> [Extracted material]
************
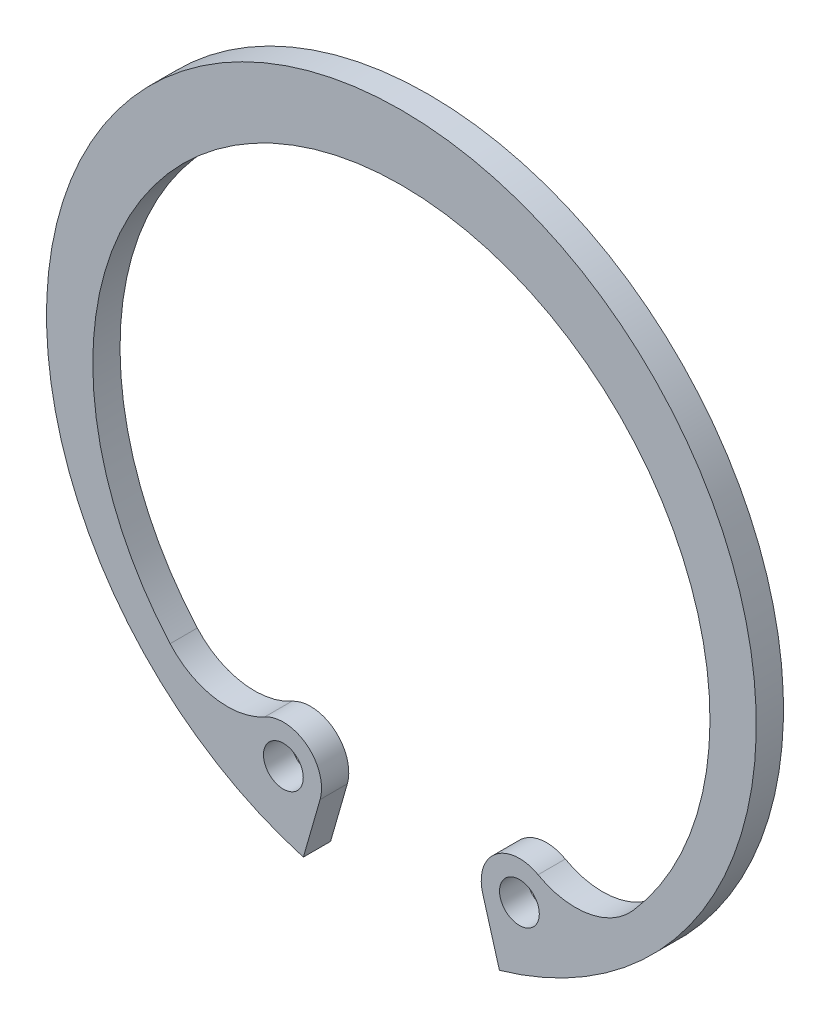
ISO-10303-21;
HEADER;
FILE_DESCRIPTION(('STEP AP214'),'2;1');
FILE_NAME('part.step','',(''),(''),'','','');
FILE_SCHEMA(('AUTOMOTIVE_DESIGN { 1 0 10303 214 1 1 1 1 }'));
ENDSEC;
DATA;
#1=APPLICATION_CONTEXT('core data for automotive mechanical design processes');
#2=APPLICATION_PROTOCOL_DEFINITION('international standard','automotive_design',2000,#1);
#3=PRODUCT_CONTEXT('',#1,'mechanical');
#4=PRODUCT('Part','Part','',(#3));
#5=PRODUCT_RELATED_PRODUCT_CATEGORY('part','',(#4));
#6=PRODUCT_DEFINITION_FORMATION('','',#4);
#7=PRODUCT_DEFINITION_CONTEXT('part definition',#1,'design');
#8=PRODUCT_DEFINITION('design','',#6,#7);
#9=PRODUCT_DEFINITION_SHAPE('','',#8);
#10=(LENGTH_UNIT() NAMED_UNIT(*) SI_UNIT(.MILLI.,.METRE.));
#11=(NAMED_UNIT(*) PLANE_ANGLE_UNIT() SI_UNIT($,.RADIAN.));
#12=(NAMED_UNIT(*) SI_UNIT($,.STERADIAN.) SOLID_ANGLE_UNIT());
#13=UNCERTAINTY_MEASURE_WITH_UNIT(LENGTH_MEASURE(1.E-05),#10,'distance_accuracy_value','');
#14=(GEOMETRIC_REPRESENTATION_CONTEXT(3) GLOBAL_UNCERTAINTY_ASSIGNED_CONTEXT((#13)) GLOBAL_UNIT_ASSIGNED_CONTEXT((#10,
#11,#12)) REPRESENTATION_CONTEXT('',''));
#15=CARTESIAN_POINT('',(0.,0.,0.));
#16=DIRECTION('',(0.,0.,1.));
#17=DIRECTION('',(1.,0.,0.));
#18=AXIS2_PLACEMENT_3D('',#15,#16,#17);
#19=CARTESIAN_POINT('',(0.,0.,-1.3));
#20=DIRECTION('',(0.,0.,1.));
#21=DIRECTION('',(1.,0.,0.));
#22=AXIS2_PLACEMENT_3D('',#19,#20,#21);
#23=CYLINDRICAL_SURFACE('',#22,16.95);
#24=CARTESIAN_POINT('',(0.,0.,0.));
#25=DIRECTION('',(0.,0.,1.));
#26=DIRECTION('',(1.,0.,0.));
#27=AXIS2_PLACEMENT_3D('',#24,#25,#26);
#28=CIRCLE('',#27,16.95);
#29=CARTESIAN_POINT('',(4.68211859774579,-16.2904961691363,0.));
#30=VERTEX_POINT('',#29);
#31=CARTESIAN_POINT('',(-4.68211859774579,-16.2904961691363,0.));
#32=VERTEX_POINT('',#31);
#33=EDGE_CURVE('E99',#30,#32,#28,.T.);
#34=ORIENTED_EDGE('',*,*,#33,.F.);
#35=DIRECTION('',(0.,0.,1.));
#36=VECTOR('',#35,1.);
#37=CARTESIAN_POINT('',(4.68211859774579,-16.2904961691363,-1.3));
#38=LINE('',#37,#36);
#39=CARTESIAN_POINT('',(4.68211859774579,-16.2904961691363,-1.3));
#40=VERTEX_POINT('',#39);
#41=EDGE_CURVE('E11',#40,#30,#38,.T.);
#42=ORIENTED_EDGE('',*,*,#41,.F.);
#43=CARTESIAN_POINT('',(0.,0.,-1.3));
#44=DIRECTION('',(0.,0.,1.));
#45=DIRECTION('',(1.,0.,0.));
#46=AXIS2_PLACEMENT_3D('',#43,#44,#45);
#47=CIRCLE('',#46,16.95);
#48=CARTESIAN_POINT('',(-4.68211859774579,-16.2904961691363,-1.3));
#49=VERTEX_POINT('',#48);
#50=EDGE_CURVE('E101',#40,#49,#47,.T.);
#51=ORIENTED_EDGE('',*,*,#50,.T.);
#52=DIRECTION('',(0.,0.,1.));
#53=VECTOR('',#52,1.);
#54=CARTESIAN_POINT('',(-4.68211859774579,-16.2904961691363,-1.3));
#55=LINE('',#54,#53);
#56=EDGE_CURVE('E38',#49,#32,#55,.T.);
#57=ORIENTED_EDGE('',*,*,#56,.T.);
#58=EDGE_LOOP('',(#34,#42,#51,#57));
#59=FACE_BOUND('',#58,.T.);
#60=ADVANCED_FACE('F35',(#59),#23,.T.);
#61=CARTESIAN_POINT('',(4.68211859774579,-16.2904961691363,-1.3));
#62=DIRECTION('',(-0.961091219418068,-0.276231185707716,0.));
#63=DIRECTION('',(0.276231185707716,-0.961091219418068,0.));
#64=AXIS2_PLACEMENT_3D('',#61,#62,#63);
#65=PLANE('',#64);
#66=DIRECTION('',(0.276231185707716,-0.961091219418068,0.));
#67=VECTOR('',#66,1.);
#68=CARTESIAN_POINT('',(4.68211859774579,-16.2904961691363,0.));
#69=LINE('',#68,#67);
#70=CARTESIAN_POINT('',(3.88298915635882,-13.5100849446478,0.));
#71=VERTEX_POINT('',#70);
#72=EDGE_CURVE('E117',#71,#30,#69,.T.);
#73=ORIENTED_EDGE('',*,*,#72,.F.);
#74=DIRECTION('',(0.,0.,1.));
#75=VECTOR('',#74,1.);
#76=CARTESIAN_POINT('',(3.88298915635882,-13.5100849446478,-1.3));
#77=LINE('',#76,#75);
#78=CARTESIAN_POINT('',(3.88298915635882,-13.5100849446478,-1.3));
#79=VERTEX_POINT('',#78);
#80=EDGE_CURVE('E43',#79,#71,#77,.T.);
#81=ORIENTED_EDGE('',*,*,#80,.F.);
#82=DIRECTION('',(0.276231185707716,-0.961091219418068,0.));
#83=VECTOR('',#82,1.);
#84=CARTESIAN_POINT('',(4.68211859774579,-16.2904961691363,-1.3));
#85=LINE('',#84,#83);
#86=EDGE_CURVE('E106',#79,#40,#85,.T.);
#87=ORIENTED_EDGE('',*,*,#86,.T.);
#88=ORIENTED_EDGE('',*,*,#41,.T.);
#89=EDGE_LOOP('',(#73,#81,#87,#88));
#90=FACE_BOUND('',#89,.T.);
#91=ADVANCED_FACE('F183',(#90),#65,.T.);
#92=CARTESIAN_POINT('',(5.6369806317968,-13.0059630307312,-1.3));
#93=DIRECTION('',(0.,0.,1.));
#94=DIRECTION('',(1.,0.,0.));
#95=AXIS2_PLACEMENT_3D('',#92,#93,#94);
#96=CYLINDRICAL_SURFACE('',#95,1.825);
#97=CARTESIAN_POINT('',(5.6369806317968,-13.0059630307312,0.));
#98=DIRECTION('',(0.,0.,1.));
#99=DIRECTION('',(1.,0.,0.));
#100=AXIS2_PLACEMENT_3D('',#97,#98,#99);
#101=CIRCLE('',#100,1.825);
#102=CARTESIAN_POINT('',(6.52840569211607,-11.4134849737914,0.));
#103=VERTEX_POINT('',#102);
#104=EDGE_CURVE('E135',#103,#71,#101,.T.);
#105=ORIENTED_EDGE('',*,*,#104,.F.);
#106=DIRECTION('',(0.,0.,1.));
#107=VECTOR('',#106,1.);
#108=CARTESIAN_POINT('',(6.52840569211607,-11.4134849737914,-1.3));
#109=LINE('',#108,#107);
#110=CARTESIAN_POINT('',(6.52840569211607,-11.4134849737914,-1.3));
#111=VERTEX_POINT('',#110);
#112=EDGE_CURVE('E157',#111,#103,#109,.T.);
#113=ORIENTED_EDGE('',*,*,#112,.F.);
#114=CARTESIAN_POINT('',(5.6369806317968,-13.0059630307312,-1.3));
#115=DIRECTION('',(0.,0.,1.));
#116=DIRECTION('',(1.,0.,0.));
#117=AXIS2_PLACEMENT_3D('',#114,#115,#116);
#118=CIRCLE('',#117,1.825);
#119=EDGE_CURVE('E153',#111,#79,#118,.T.);
#120=ORIENTED_EDGE('',*,*,#119,.T.);
#121=ORIENTED_EDGE('',*,*,#80,.T.);
#122=EDGE_LOOP('',(#105,#113,#120,#121));
#123=FACE_BOUND('',#122,.T.);
#124=ADVANCED_FACE('F182',(#123),#96,.T.);
#125=CARTESIAN_POINT('',(8.31125581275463,-8.22852885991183,-1.3));
#126=DIRECTION('',(0.,0.,1.));
#127=DIRECTION('',(1.,0.,0.));
#128=AXIS2_PLACEMENT_3D('',#125,#126,#127);
#129=CYLINDRICAL_SURFACE('',#128,3.65);
#130=CARTESIAN_POINT('',(8.31125581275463,-8.22852885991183,0.));
#131=DIRECTION('',(0.,0.,-1.));
#132=DIRECTION('',(1.,0.,0.));
#133=AXIS2_PLACEMENT_3D('',#130,#131,#132);
#134=CIRCLE('',#133,3.65);
#135=CARTESIAN_POINT('',(11.0470830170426,-10.6446723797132,0.));
#136=VERTEX_POINT('',#135);
#137=EDGE_CURVE('E132',#136,#103,#134,.T.);
#138=ORIENTED_EDGE('',*,*,#137,.F.);
#139=DIRECTION('',(0.,0.,1.));
#140=VECTOR('',#139,1.);
#141=CARTESIAN_POINT('',(11.0470830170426,-10.6446723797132,-1.3));
#142=LINE('',#141,#140);
#143=CARTESIAN_POINT('',(11.0470830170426,-10.6446723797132,-1.3));
#144=VERTEX_POINT('',#143);
#145=EDGE_CURVE('E159',#144,#136,#142,.T.);
#146=ORIENTED_EDGE('',*,*,#145,.F.);
#147=CARTESIAN_POINT('',(8.31125581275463,-8.22852885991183,-1.3));
#148=DIRECTION('',(0.,0.,-1.));
#149=DIRECTION('',(1.,0.,0.));
#150=AXIS2_PLACEMENT_3D('',#147,#148,#149);
#151=CIRCLE('',#150,3.65);
#152=EDGE_CURVE('E150',#144,#111,#151,.T.);
#153=ORIENTED_EDGE('',*,*,#152,.T.);
#154=ORIENTED_EDGE('',*,*,#112,.T.);
#155=EDGE_LOOP('',(#138,#146,#153,#154));
#156=FACE_BOUND('',#155,.T.);
#157=ADVANCED_FACE('F178',(#156),#129,.F.);
#158=CARTESIAN_POINT('',(0.,-0.888450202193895,-1.3));
#159=DIRECTION('',(0.,0.,1.));
#160=DIRECTION('',(1.,0.,0.));
#161=AXIS2_PLACEMENT_3D('',#158,#159,#160);
#162=CYLINDRICAL_SURFACE('',#161,14.7384502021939);
#163=CARTESIAN_POINT('',(0.,-0.888450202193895,0.));
#164=DIRECTION('',(0.,0.,-1.));
#165=DIRECTION('',(1.,0.,0.));
#166=AXIS2_PLACEMENT_3D('',#163,#164,#165);
#167=CIRCLE('',#166,14.7384502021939);
#168=CARTESIAN_POINT('',(-11.0470830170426,-10.6446723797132,0.));
#169=VERTEX_POINT('',#168);
#170=EDGE_CURVE('E129',#169,#136,#167,.T.);
#171=ORIENTED_EDGE('',*,*,#170,.F.);
#172=DIRECTION('',(0.,0.,1.));
#173=VECTOR('',#172,1.);
#174=CARTESIAN_POINT('',(-11.0470830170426,-10.6446723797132,-1.3));
#175=LINE('',#174,#173);
#176=CARTESIAN_POINT('',(-11.0470830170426,-10.6446723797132,-1.3));
#177=VERTEX_POINT('',#176);
#178=EDGE_CURVE('E161',#177,#169,#175,.T.);
#179=ORIENTED_EDGE('',*,*,#178,.F.);
#180=CARTESIAN_POINT('',(0.,-0.888450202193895,-1.3));
#181=DIRECTION('',(0.,0.,-1.));
#182=DIRECTION('',(1.,0.,0.));
#183=AXIS2_PLACEMENT_3D('',#180,#181,#182);
#184=CIRCLE('',#183,14.7384502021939);
#185=EDGE_CURVE('E147',#177,#144,#184,.T.);
#186=ORIENTED_EDGE('',*,*,#185,.T.);
#187=ORIENTED_EDGE('',*,*,#145,.T.);
#188=EDGE_LOOP('',(#171,#179,#186,#187));
#189=FACE_BOUND('',#188,.T.);
#190=ADVANCED_FACE('F174',(#189),#162,.F.);
#191=CARTESIAN_POINT('',(-8.31125581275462,-8.22852885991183,-1.3));
#192=DIRECTION('',(0.,0.,1.));
#193=DIRECTION('',(1.,0.,0.));
#194=AXIS2_PLACEMENT_3D('',#191,#192,#193);
#195=CYLINDRICAL_SURFACE('',#194,3.65);
#196=CARTESIAN_POINT('',(-8.31125581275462,-8.22852885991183,0.));
#197=DIRECTION('',(0.,0.,-1.));
#198=DIRECTION('',(1.,0.,0.));
#199=AXIS2_PLACEMENT_3D('',#196,#197,#198);
#200=CIRCLE('',#199,3.65);
#201=CARTESIAN_POINT('',(-6.52840569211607,-11.4134849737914,0.));
#202=VERTEX_POINT('',#201);
#203=EDGE_CURVE('E126',#202,#169,#200,.T.);
#204=ORIENTED_EDGE('',*,*,#203,.F.);
#205=DIRECTION('',(0.,0.,1.));
#206=VECTOR('',#205,1.);
#207=CARTESIAN_POINT('',(-6.52840569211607,-11.4134849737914,-1.3));
#208=LINE('',#207,#206);
#209=CARTESIAN_POINT('',(-6.52840569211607,-11.4134849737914,-1.3));
#210=VERTEX_POINT('',#209);
#211=EDGE_CURVE('E163',#210,#202,#208,.T.);
#212=ORIENTED_EDGE('',*,*,#211,.F.);
#213=CARTESIAN_POINT('',(-8.31125581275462,-8.22852885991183,-1.3));
#214=DIRECTION('',(0.,0.,-1.));
#215=DIRECTION('',(1.,0.,0.));
#216=AXIS2_PLACEMENT_3D('',#213,#214,#215);
#217=CIRCLE('',#216,3.65);
#218=EDGE_CURVE('E144',#210,#177,#217,.T.);
#219=ORIENTED_EDGE('',*,*,#218,.T.);
#220=ORIENTED_EDGE('',*,*,#178,.T.);
#221=EDGE_LOOP('',(#204,#212,#219,#220));
#222=FACE_BOUND('',#221,.T.);
#223=ADVANCED_FACE('F170',(#222),#195,.F.);
#224=CARTESIAN_POINT('',(-5.6369806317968,-13.0059630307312,-1.3));
#225=DIRECTION('',(0.,0.,1.));
#226=DIRECTION('',(1.,0.,0.));
#227=AXIS2_PLACEMENT_3D('',#224,#225,#226);
#228=CYLINDRICAL_SURFACE('',#227,1.825);
#229=CARTESIAN_POINT('',(-5.6369806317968,-13.0059630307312,0.));
#230=DIRECTION('',(0.,0.,1.));
#231=DIRECTION('',(1.,0.,0.));
#232=AXIS2_PLACEMENT_3D('',#229,#230,#231);
#233=CIRCLE('',#232,1.825);
#234=CARTESIAN_POINT('',(-3.88298915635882,-13.5100849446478,0.));
#235=VERTEX_POINT('',#234);
#236=EDGE_CURVE('E113',#235,#202,#233,.T.);
#237=ORIENTED_EDGE('',*,*,#236,.F.);
#238=DIRECTION('',(0.,0.,1.));
#239=VECTOR('',#238,1.);
#240=CARTESIAN_POINT('',(-3.88298915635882,-13.5100849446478,-1.3));
#241=LINE('',#240,#239);
#242=CARTESIAN_POINT('',(-3.88298915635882,-13.5100849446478,-1.3));
#243=VERTEX_POINT('',#242);
#244=EDGE_CURVE('E105',#243,#235,#241,.T.);
#245=ORIENTED_EDGE('',*,*,#244,.F.);
#246=CARTESIAN_POINT('',(-5.6369806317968,-13.0059630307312,-1.3));
#247=DIRECTION('',(0.,0.,1.));
#248=DIRECTION('',(1.,0.,0.));
#249=AXIS2_PLACEMENT_3D('',#246,#247,#248);
#250=CIRCLE('',#249,1.825);
#251=EDGE_CURVE('E141',#243,#210,#250,.T.);
#252=ORIENTED_EDGE('',*,*,#251,.T.);
#253=ORIENTED_EDGE('',*,*,#211,.T.);
#254=EDGE_LOOP('',(#237,#245,#252,#253));
#255=FACE_BOUND('',#254,.T.);
#256=ADVANCED_FACE('F166',(#255),#228,.T.);
#257=CARTESIAN_POINT('',(-4.68211859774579,-16.2904961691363,-1.3));
#258=DIRECTION('',(0.961091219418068,-0.276231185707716,0.));
#259=DIRECTION('',(0.276231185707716,0.961091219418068,0.));
#260=AXIS2_PLACEMENT_3D('',#257,#258,#259);
#261=PLANE('',#260);
#262=DIRECTION('',(0.276231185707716,0.961091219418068,0.));
#263=VECTOR('',#262,1.);
#264=CARTESIAN_POINT('',(-4.68211859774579,-16.2904961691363,0.));
#265=LINE('',#264,#263);
#266=EDGE_CURVE('E108',#32,#235,#265,.T.);
#267=ORIENTED_EDGE('',*,*,#266,.F.);
#268=ORIENTED_EDGE('',*,*,#56,.F.);
#269=DIRECTION('',(0.276231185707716,0.961091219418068,0.));
#270=VECTOR('',#269,1.);
#271=CARTESIAN_POINT('',(-4.68211859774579,-16.2904961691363,-1.3));
#272=LINE('',#271,#270);
#273=EDGE_CURVE('E139',#49,#243,#272,.T.);
#274=ORIENTED_EDGE('',*,*,#273,.T.);
#275=ORIENTED_EDGE('',*,*,#244,.T.);
#276=EDGE_LOOP('',(#267,#268,#274,#275));
#277=FACE_BOUND('',#276,.T.);
#278=ADVANCED_FACE('F109',(#277),#261,.T.);
#279=CARTESIAN_POINT('',(0.,0.,-1.3));
#280=DIRECTION('',(0.,0.,1.));
#281=DIRECTION('',(1.,0.,0.));
#282=AXIS2_PLACEMENT_3D('',#279,#280,#281);
#283=PLANE('',#282);
#284=CARTESIAN_POINT('',(-5.6369806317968,-13.0059630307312,-1.3));
#285=DIRECTION('',(0.,0.,1.));
#286=DIRECTION('',(1.,0.,0.));
#287=AXIS2_PLACEMENT_3D('',#284,#285,#286);
#288=CIRCLE('',#287,0.95);
#289=CARTESIAN_POINT('',(-4.6869806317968,-13.0059630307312,-1.3));
#290=VERTEX_POINT('',#289);
#291=EDGE_CURVE('E259',#290,#290,#288,.T.);
#292=ORIENTED_EDGE('',*,*,#291,.T.);
#293=EDGE_LOOP('',(#292));
#294=FACE_BOUND('',#293,.T.);
#295=CARTESIAN_POINT('',(5.6369806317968,-13.0059630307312,-1.3));
#296=DIRECTION('',(0.,0.,1.));
#297=DIRECTION('',(1.,0.,0.));
#298=AXIS2_PLACEMENT_3D('',#295,#296,#297);
#299=CIRCLE('',#298,0.95);
#300=CARTESIAN_POINT('',(6.5869806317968,-13.0059630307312,-1.3));
#301=VERTEX_POINT('',#300);
#302=EDGE_CURVE('E118',#301,#301,#299,.T.);
#303=ORIENTED_EDGE('',*,*,#302,.T.);
#304=EDGE_LOOP('',(#303));
#305=FACE_BOUND('',#304,.T.);
#306=ORIENTED_EDGE('',*,*,#50,.F.);
#307=ORIENTED_EDGE('',*,*,#86,.F.);
#308=ORIENTED_EDGE('',*,*,#119,.F.);
#309=ORIENTED_EDGE('',*,*,#152,.F.);
#310=ORIENTED_EDGE('',*,*,#185,.F.);
#311=ORIENTED_EDGE('',*,*,#218,.F.);
#312=ORIENTED_EDGE('',*,*,#251,.F.);
#313=ORIENTED_EDGE('',*,*,#273,.F.);
#314=EDGE_LOOP('',(#306,#307,#308,#309,#310,#311,#312,#313));
#315=FACE_BOUND('',#314,.T.);
#316=ADVANCED_FACE('F186',(#294,#305,#315),#283,.F.);
#317=CARTESIAN_POINT('',(0.,0.,0.));
#318=DIRECTION('',(0.,0.,1.));
#319=DIRECTION('',(1.,0.,0.));
#320=AXIS2_PLACEMENT_3D('',#317,#318,#319);
#321=PLANE('',#320);
#322=CARTESIAN_POINT('',(-5.6369806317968,-13.0059630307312,0.));
#323=DIRECTION('',(0.,0.,1.));
#324=DIRECTION('',(1.,0.,0.));
#325=AXIS2_PLACEMENT_3D('',#322,#323,#324);
#326=CIRCLE('',#325,0.95);
#327=CARTESIAN_POINT('',(-4.6869806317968,-13.0059630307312,0.));
#328=VERTEX_POINT('',#327);
#329=EDGE_CURVE('E262',#328,#328,#326,.T.);
#330=ORIENTED_EDGE('',*,*,#329,.F.);
#331=EDGE_LOOP('',(#330));
#332=FACE_BOUND('',#331,.T.);
#333=CARTESIAN_POINT('',(5.6369806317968,-13.0059630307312,0.));
#334=DIRECTION('',(0.,0.,1.));
#335=DIRECTION('',(1.,0.,0.));
#336=AXIS2_PLACEMENT_3D('',#333,#334,#335);
#337=CIRCLE('',#336,0.95);
#338=CARTESIAN_POINT('',(6.5869806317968,-13.0059630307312,0.));
#339=VERTEX_POINT('',#338);
#340=EDGE_CURVE('E121',#339,#339,#337,.T.);
#341=ORIENTED_EDGE('',*,*,#340,.F.);
#342=EDGE_LOOP('',(#341));
#343=FACE_BOUND('',#342,.T.);
#344=ORIENTED_EDGE('',*,*,#33,.T.);
#345=ORIENTED_EDGE('',*,*,#266,.T.);
#346=ORIENTED_EDGE('',*,*,#236,.T.);
#347=ORIENTED_EDGE('',*,*,#203,.T.);
#348=ORIENTED_EDGE('',*,*,#170,.T.);
#349=ORIENTED_EDGE('',*,*,#137,.T.);
#350=ORIENTED_EDGE('',*,*,#104,.T.);
#351=ORIENTED_EDGE('',*,*,#72,.T.);
#352=EDGE_LOOP('',(#344,#345,#346,#347,#348,#349,#350,#351));
#353=FACE_BOUND('',#352,.T.);
#354=ADVANCED_FACE('F115',(#332,#343,#353),#321,.T.);
#355=CARTESIAN_POINT('',(5.6369806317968,-13.0059630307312,-1.3));
#356=DIRECTION('',(0.,0.,1.));
#357=DIRECTION('',(1.,0.,0.));
#358=AXIS2_PLACEMENT_3D('',#355,#356,#357);
#359=CYLINDRICAL_SURFACE('',#358,0.95);
#360=ORIENTED_EDGE('',*,*,#302,.F.);
#361=EDGE_LOOP('',(#360));
#362=FACE_BOUND('',#361,.T.);
#363=ORIENTED_EDGE('',*,*,#340,.T.);
#364=EDGE_LOOP('',(#363));
#365=FACE_BOUND('',#364,.T.);
#366=ADVANCED_FACE('F194',(#362,#365),#359,.F.);
#367=CARTESIAN_POINT('',(-5.6369806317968,-13.0059630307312,-1.3));
#368=DIRECTION('',(0.,0.,1.));
#369=DIRECTION('',(1.,0.,0.));
#370=AXIS2_PLACEMENT_3D('',#367,#368,#369);
#371=CYLINDRICAL_SURFACE('',#370,0.95);
#372=ORIENTED_EDGE('',*,*,#291,.F.);
#373=EDGE_LOOP('',(#372));
#374=FACE_BOUND('',#373,.T.);
#375=ORIENTED_EDGE('',*,*,#329,.T.);
#376=EDGE_LOOP('',(#375));
#377=FACE_BOUND('',#376,.T.);
#378=ADVANCED_FACE('F243',(#374,#377),#371,.F.);
#379=CLOSED_SHELL('',(#60,#91,#124,#157,#190,#223,#256,#278,#316,#354,#366,#378));
#380=MANIFOLD_SOLID_BREP('B2',#379);
#381=ADVANCED_BREP_SHAPE_REPRESENTATION('',(#18,#380),#14);
#382=SHAPE_DEFINITION_REPRESENTATION(#9,#381);
ENDSEC;
END-ISO-10303-21;
************
> [Work instruction] Reprint exactly the lines above that start at the one with "#276=EDGE_LOOP('',(#267,#268,#274,#275));" and end at the one with "#288=CIRCLE('',#287,0.95);", keeping both and adding none.

> [The completed task]
#276=EDGE_LOOP('',(#267,#268,#274,#275));
#277=FACE_BOUND('',#276,.T.);
#278=ADVANCED_FACE('F109',(#277),#261,.T.);
#279=CARTESIAN_POINT('',(0.,0.,-1.3));
#280=DIRECTION('',(0.,0.,1.));
#281=DIRECTION('',(1.,0.,0.));
#282=AXIS2_PLACEMENT_3D('',#279,#280,#281);
#283=PLANE('',#282);
#284=CARTESIAN_POINT('',(-5.6369806317968,-13.0059630307312,-1.3));
#285=DIRECTION('',(0.,0.,1.));
#286=DIRECTION('',(1.,0.,0.));
#287=AXIS2_PLACEMENT_3D('',#284,#285,#286);
#288=CIRCLE('',#287,0.95);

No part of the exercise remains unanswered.